◆ **PROVIDED ENTRIES**
========

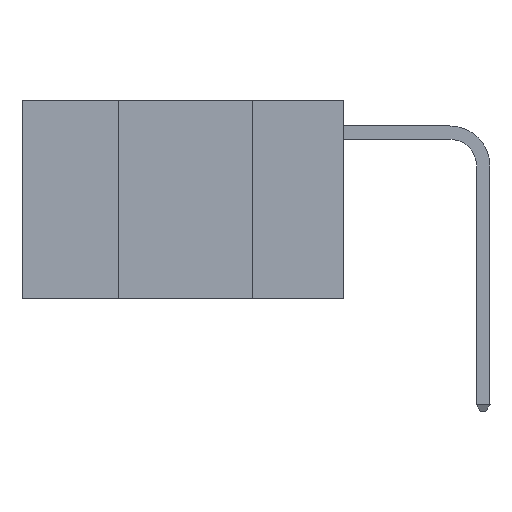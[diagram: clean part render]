
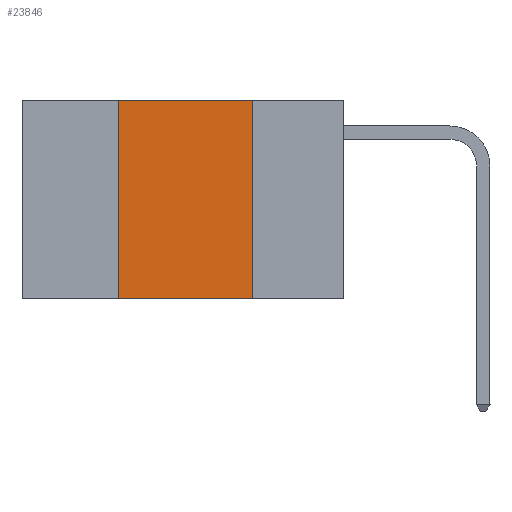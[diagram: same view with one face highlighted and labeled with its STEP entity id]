
A CAD part, left-side view. The second image highlights one B-rep face of the part: STEP entity #23846.
In plain terms, the highlighted planar face has unit normal (-1, 0, 0).
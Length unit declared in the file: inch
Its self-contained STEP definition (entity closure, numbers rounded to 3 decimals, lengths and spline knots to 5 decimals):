
#160 = DIRECTION ( 'NONE',  ( 0., -1., 0. ) ) ;
#615 = CARTESIAN_POINT ( 'NONE',  ( 0., 0.17, 0. ) ) ;
#1076 = CARTESIAN_POINT ( 'NONE',  ( 0., 0.6, 0. ) ) ;
#1321 = LINE ( 'NONE', #18781, #25056 ) ;
#1476 = EDGE_CURVE ( 'NONE', #25315, #14155, #28090, .T. ) ;
#3685 = AXIS2_PLACEMENT_3D ( 'NONE', #13228, #24607, #10926 ) ;
#4664 = LINE ( 'NONE', #24127, #22312 ) ;
#5132 = CARTESIAN_POINT ( 'NONE',  ( 0., 0.17, 0. ) ) ;
#5785 = DIRECTION ( 'NONE',  ( 0., 0., 1. ) ) ;
#6305 = VERTEX_POINT ( 'NONE', #13544 ) ;
#6425 = LINE ( 'NONE', #1076, #11906 ) ;
#6713 = VECTOR ( 'NONE', #23698, 39.37008 ) ;
#8529 = ORIENTED_EDGE ( 'NONE', *, *, #1476, .F. ) ;
#8599 = PLANE ( 'NONE',  #3685 ) ;
#9306 = ORIENTED_EDGE ( 'NONE', *, *, #11235, .F. ) ;
#10926 = DIRECTION ( 'NONE',  ( 0., 0., -1. ) ) ;
#11235 = EDGE_CURVE ( 'NONE', #15182, #6305, #4664, .T. ) ;
#11652 = CARTESIAN_POINT ( 'NONE',  ( 0., 0.42, -0.37 ) ) ;
#11906 = VECTOR ( 'NONE', #15176, 39.37008 ) ;
#13228 = CARTESIAN_POINT ( 'NONE',  ( 0., 0.6, 0. ) ) ;
#13544 = CARTESIAN_POINT ( 'NONE',  ( 0., 0.42, 0. ) ) ;
#14055 = FACE_OUTER_BOUND ( 'NONE', #26237, .T. ) ;
#14155 = VERTEX_POINT ( 'NONE', #17321 ) ;
#15176 = DIRECTION ( 'NONE',  ( 0., -1., 0. ) ) ;
#15182 = VERTEX_POINT ( 'NONE', #11652 ) ;
#15526 = ORIENTED_EDGE ( 'NONE', *, *, #28291, .F. ) ;
#17321 = CARTESIAN_POINT ( 'NONE',  ( 0., 0.17, -0.37 ) ) ;
#18781 = CARTESIAN_POINT ( 'NONE',  ( 0., 0.6, -0.37 ) ) ;
#21189 = ORIENTED_EDGE ( 'NONE', *, *, #28054, .T. ) ;
#22312 = VECTOR ( 'NONE', #5785, 39.37008 ) ;
#23698 = DIRECTION ( 'NONE',  ( 0., 0., -1. ) ) ;
#23846 = ADVANCED_FACE ( 'NONE', ( #14055 ), #8599, .F. ) ;
#24127 = CARTESIAN_POINT ( 'NONE',  ( 0., 0.42, 0. ) ) ;
#24607 = DIRECTION ( 'NONE',  ( 1., 0., 0. ) ) ;
#25056 = VECTOR ( 'NONE', #160, 39.37008 ) ;
#25315 = VERTEX_POINT ( 'NONE', #5132 ) ;
#26237 = EDGE_LOOP ( 'NONE', ( #8529, #15526, #9306, #21189 ) ) ;
#28054 = EDGE_CURVE ( 'NONE', #15182, #14155, #1321, .T. ) ;
#28090 = LINE ( 'NONE', #615, #6713 ) ;
#28291 = EDGE_CURVE ( 'NONE', #6305, #25315, #6425, .T. ) ;
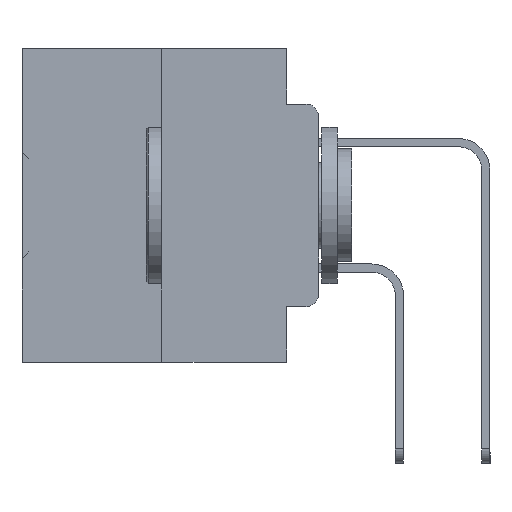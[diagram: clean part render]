
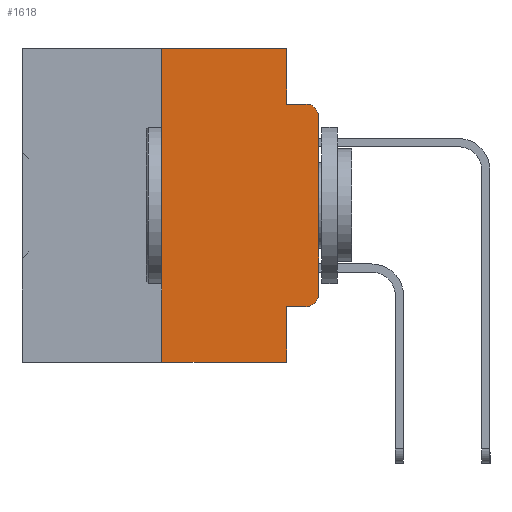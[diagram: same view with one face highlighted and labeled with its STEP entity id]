
A CAD part, left-side view. The second image highlights one B-rep face of the part: STEP entity #1618.
In plain terms, the highlighted planar face has unit normal (-1, 0, 0).
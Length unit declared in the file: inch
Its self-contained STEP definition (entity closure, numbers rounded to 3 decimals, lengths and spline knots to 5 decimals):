
#31 = DIRECTION ( 'NONE',  ( 0., 0., -1. ) ) ;
#945 = EDGE_LOOP ( 'NONE', ( #26183, #34300, #36213, #22846, #9053, #17488, #33847, #12010, #7587, #2203 ) ) ;
#1468 = EDGE_CURVE ( 'NONE', #9794, #22791, #20254, .T. ) ;
#1618 = ADVANCED_FACE ( 'NONE', ( #31761 ), #33289, .F. ) ;
#1851 = VERTEX_POINT ( 'NONE', #22866 ) ;
#2203 = ORIENTED_EDGE ( 'NONE', *, *, #39706, .T. ) ;
#2591 = LINE ( 'NONE', #35962, #8960 ) ;
#2704 = DIRECTION ( 'NONE',  ( -1., 0., 0. ) ) ;
#3391 = CARTESIAN_POINT ( 'NONE',  ( 0., 0., 0. ) ) ;
#3603 = EDGE_CURVE ( 'NONE', #9794, #1851, #2591, .T. ) ;
#3675 = VECTOR ( 'NONE', #29646, 39.37008 ) ;
#4376 = VERTEX_POINT ( 'NONE', #39655 ) ;
#4573 = DIRECTION ( 'NONE',  ( 0., -1., 0. ) ) ;
#5394 = LINE ( 'NONE', #35526, #20168 ) ;
#5703 = AXIS2_PLACEMENT_3D ( 'NONE', #36364, #17990, #39425 ) ;
#6314 = VERTEX_POINT ( 'NONE', #34191 ) ;
#7506 = VECTOR ( 'NONE', #28379, 39.37008 ) ;
#7587 = ORIENTED_EDGE ( 'NONE', *, *, #1468, .T. ) ;
#7697 = CARTESIAN_POINT ( 'NONE',  ( 0., 0.473, -0.5 ) ) ;
#8169 = VERTEX_POINT ( 'NONE', #8934 ) ;
#8791 = CARTESIAN_POINT ( 'NONE',  ( 0., 0.25, -0.5 ) ) ;
#8934 = CARTESIAN_POINT ( 'NONE',  ( 0., 0.051, -0.0885 ) ) ;
#8960 = VECTOR ( 'NONE', #17726, 39.37008 ) ;
#9053 = ORIENTED_EDGE ( 'NONE', *, *, #12882, .F. ) ;
#9794 = VERTEX_POINT ( 'NONE', #29330 ) ;
#9876 = EDGE_CURVE ( 'NONE', #12483, #4376, #26315, .T. ) ;
#10887 = DIRECTION ( 'NONE',  ( 0., -1., 0. ) ) ;
#11715 = CARTESIAN_POINT ( 'NONE',  ( 0., 0.02, -0.1085 ) ) ;
#11838 = VECTOR ( 'NONE', #10887, 39.37008 ) ;
#12002 = EDGE_CURVE ( 'NONE', #6314, #8169, #39976, .T. ) ;
#12010 = ORIENTED_EDGE ( 'NONE', *, *, #3603, .F. ) ;
#12483 = VERTEX_POINT ( 'NONE', #8791 ) ;
#12882 = EDGE_CURVE ( 'NONE', #4376, #6314, #23676, .T. ) ;
#14099 = CARTESIAN_POINT ( 'NONE',  ( 0., 0.051, -0.4115 ) ) ;
#14142 = EDGE_CURVE ( 'NONE', #8169, #27905, #5394, .T. ) ;
#14433 = VECTOR ( 'NONE', #31, 39.37008 ) ;
#14928 = DIRECTION ( 'NONE',  ( 0., 0., -1. ) ) ;
#15071 = AXIS2_PLACEMENT_3D ( 'NONE', #11715, #33429, #14928 ) ;
#15365 = VECTOR ( 'NONE', #20635, 39.37008 ) ;
#16047 = CIRCLE ( 'NONE', #15071, 0.02 ) ;
#16728 = CARTESIAN_POINT ( 'NONE',  ( 0., 0.02, -0.0885 ) ) ;
#17475 = DIRECTION ( 'NONE',  ( 0., 0., 1. ) ) ;
#17488 = ORIENTED_EDGE ( 'NONE', *, *, #9876, .F. ) ;
#17726 = DIRECTION ( 'NONE',  ( 0., 0., -1. ) ) ;
#17990 = DIRECTION ( 'NONE',  ( 1., 0., 0. ) ) ;
#20168 = VECTOR ( 'NONE', #4573, 39.37008 ) ;
#20254 = LINE ( 'NONE', #14099, #11838 ) ;
#20406 = VERTEX_POINT ( 'NONE', #38610 ) ;
#20635 = DIRECTION ( 'NONE',  ( 0., -1., 0. ) ) ;
#21560 = CARTESIAN_POINT ( 'NONE',  ( 0., 0.02, -0.3915 ) ) ;
#22073 = CARTESIAN_POINT ( 'NONE',  ( 0., 0.051, 0. ) ) ;
#22582 = EDGE_CURVE ( 'NONE', #20406, #27905, #16047, .T. ) ;
#22791 = VERTEX_POINT ( 'NONE', #31150 ) ;
#22846 = ORIENTED_EDGE ( 'NONE', *, *, #12002, .F. ) ;
#22865 = AXIS2_PLACEMENT_3D ( 'NONE', #21560, #2704, #24663 ) ;
#22866 = CARTESIAN_POINT ( 'NONE',  ( 0., 0.051, -0.5 ) ) ;
#23105 = EDGE_CURVE ( 'NONE', #12483, #1851, #28571, .T. ) ;
#23676 = LINE ( 'NONE', #26819, #15365 ) ;
#24649 = EDGE_CURVE ( 'NONE', #31146, #20406, #25201, .T. ) ;
#24663 = DIRECTION ( 'NONE',  ( 0., 0., -1. ) ) ;
#25201 = LINE ( 'NONE', #3391, #7506 ) ;
#26183 = ORIENTED_EDGE ( 'NONE', *, *, #24649, .T. ) ;
#26315 = LINE ( 'NONE', #38929, #33473 ) ;
#26517 = CIRCLE ( 'NONE', #22865, 0.02 ) ;
#26819 = CARTESIAN_POINT ( 'NONE',  ( 0., 0.473, 0. ) ) ;
#27905 = VERTEX_POINT ( 'NONE', #16728 ) ;
#28379 = DIRECTION ( 'NONE',  ( 0., 0., 1. ) ) ;
#28571 = LINE ( 'NONE', #7697, #3675 ) ;
#29330 = CARTESIAN_POINT ( 'NONE',  ( 0., 0.051, -0.4115 ) ) ;
#29646 = DIRECTION ( 'NONE',  ( 0., -1., 0. ) ) ;
#31146 = VERTEX_POINT ( 'NONE', #32524 ) ;
#31150 = CARTESIAN_POINT ( 'NONE',  ( 0., 0.02, -0.4115 ) ) ;
#31761 = FACE_OUTER_BOUND ( 'NONE', #945, .T. ) ;
#32524 = CARTESIAN_POINT ( 'NONE',  ( 0., 0., -0.3915 ) ) ;
#33289 = PLANE ( 'NONE',  #5703 ) ;
#33429 = DIRECTION ( 'NONE',  ( -1., 0., 0. ) ) ;
#33473 = VECTOR ( 'NONE', #17475, 39.37008 ) ;
#33847 = ORIENTED_EDGE ( 'NONE', *, *, #23105, .T. ) ;
#34191 = CARTESIAN_POINT ( 'NONE',  ( 0., 0.051, 0. ) ) ;
#34300 = ORIENTED_EDGE ( 'NONE', *, *, #22582, .T. ) ;
#35526 = CARTESIAN_POINT ( 'NONE',  ( 0., 0.051, -0.0885 ) ) ;
#35962 = CARTESIAN_POINT ( 'NONE',  ( 0., 0.051, 0. ) ) ;
#36213 = ORIENTED_EDGE ( 'NONE', *, *, #14142, .F. ) ;
#36364 = CARTESIAN_POINT ( 'NONE',  ( 0., 0.473, 0. ) ) ;
#38610 = CARTESIAN_POINT ( 'NONE',  ( 0., 0., -0.1085 ) ) ;
#38929 = CARTESIAN_POINT ( 'NONE',  ( 0., 0.25, 0. ) ) ;
#39425 = DIRECTION ( 'NONE',  ( 0., 0., -1. ) ) ;
#39655 = CARTESIAN_POINT ( 'NONE',  ( 0., 0.25, 0. ) ) ;
#39706 = EDGE_CURVE ( 'NONE', #22791, #31146, #26517, .T. ) ;
#39976 = LINE ( 'NONE', #22073, #14433 ) ;

========

◆ **HOW TO COMPLETE THIS TASK**
Using the data above, retype exactly and only the lines from the one containing "#10926 = DIRECTION" up to and including the one containing "#31 = DIRECTION", with no pictures carried over.

◆ **RESPONSE TO THIS EXERCISE**
#10926 = DIRECTION ( 'NONE',  ( 0., 0., -1. ) ) ;
#11235 = EDGE_CURVE ( 'NONE', #15182, #6305, #4664, .T. ) ;
#11652 = CARTESIAN_POINT ( 'NONE',  ( 0., 0.42, -0.37 ) ) ;
#11906 = VECTOR ( 'NONE', #15176, 39.37008 ) ;
#13228 = CARTESIAN_POINT ( 'NONE',  ( 0., 0.6, 0. ) ) ;
#13544 = CARTESIAN_POINT ( 'NONE',  ( 0., 0.42, 0. ) ) ;
#14055 = FACE_OUTER_BOUND ( 'NONE', #26237, .T. ) ;
#14155 = VERTEX_POINT ( 'NONE', #17321 ) ;
#15176 = DIRECTION ( 'NONE',  ( 0., -1., 0. ) ) ;
#15182 = VERTEX_POINT ( 'NONE', #11652 ) ;
#15526 = ORIENTED_EDGE ( 'NONE', *, *, #28291, .F. ) ;
#17321 = CARTESIAN_POINT ( 'NONE',  ( 0., 0.17, -0.37 ) ) ;
#18781 = CARTESIAN_POINT ( 'NONE',  ( 0., 0.6, -0.37 ) ) ;
#21189 = ORIENTED_EDGE ( 'NONE', *, *, #28054, .T. ) ;
#22312 = VECTOR ( 'NONE', #5785, 39.37008 ) ;
#23698 = DIRECTION ( 'NONE',  ( 0., 0., -1. ) ) ;
#23846 = ADVANCED_FACE ( 'NONE', ( #14055 ), #8599, .F. ) ;
#24127 = CARTESIAN_POINT ( 'NONE',  ( 0., 0.42, 0. ) ) ;
#24607 = DIRECTION ( 'NONE',  ( 1., 0., 0. ) ) ;
#25056 = VECTOR ( 'NONE', #160, 39.37008 ) ;
#25315 = VERTEX_POINT ( 'NONE', #5132 ) ;
#26237 = EDGE_LOOP ( 'NONE', ( #8529, #15526, #9306, #21189 ) ) ;
#28054 = EDGE_CURVE ( 'NONE', #15182, #14155, #1321, .T. ) ;
#28090 = LINE ( 'NONE', #615, #6713 ) ;
#28291 = EDGE_CURVE ( 'NONE', #6305, #25315, #6425, .T. ) ;
[diagram: clean part render]
[diagram: same view with one face highlighted and labeled with its STEP entity id]
A CAD part, left-side view. The second image highlights one B-rep face of the part: STEP entity #1618.
In plain terms, the highlighted planar face has unit normal (-1, 0, 0).
Length unit declared in the file: inch
Its self-contained STEP definition (entity closure, numbers rounded to 3 decimals, lengths and spline knots to 5 decimals):
#31 = DIRECTION ( 'NONE',  ( 0., 0., -1. ) ) ;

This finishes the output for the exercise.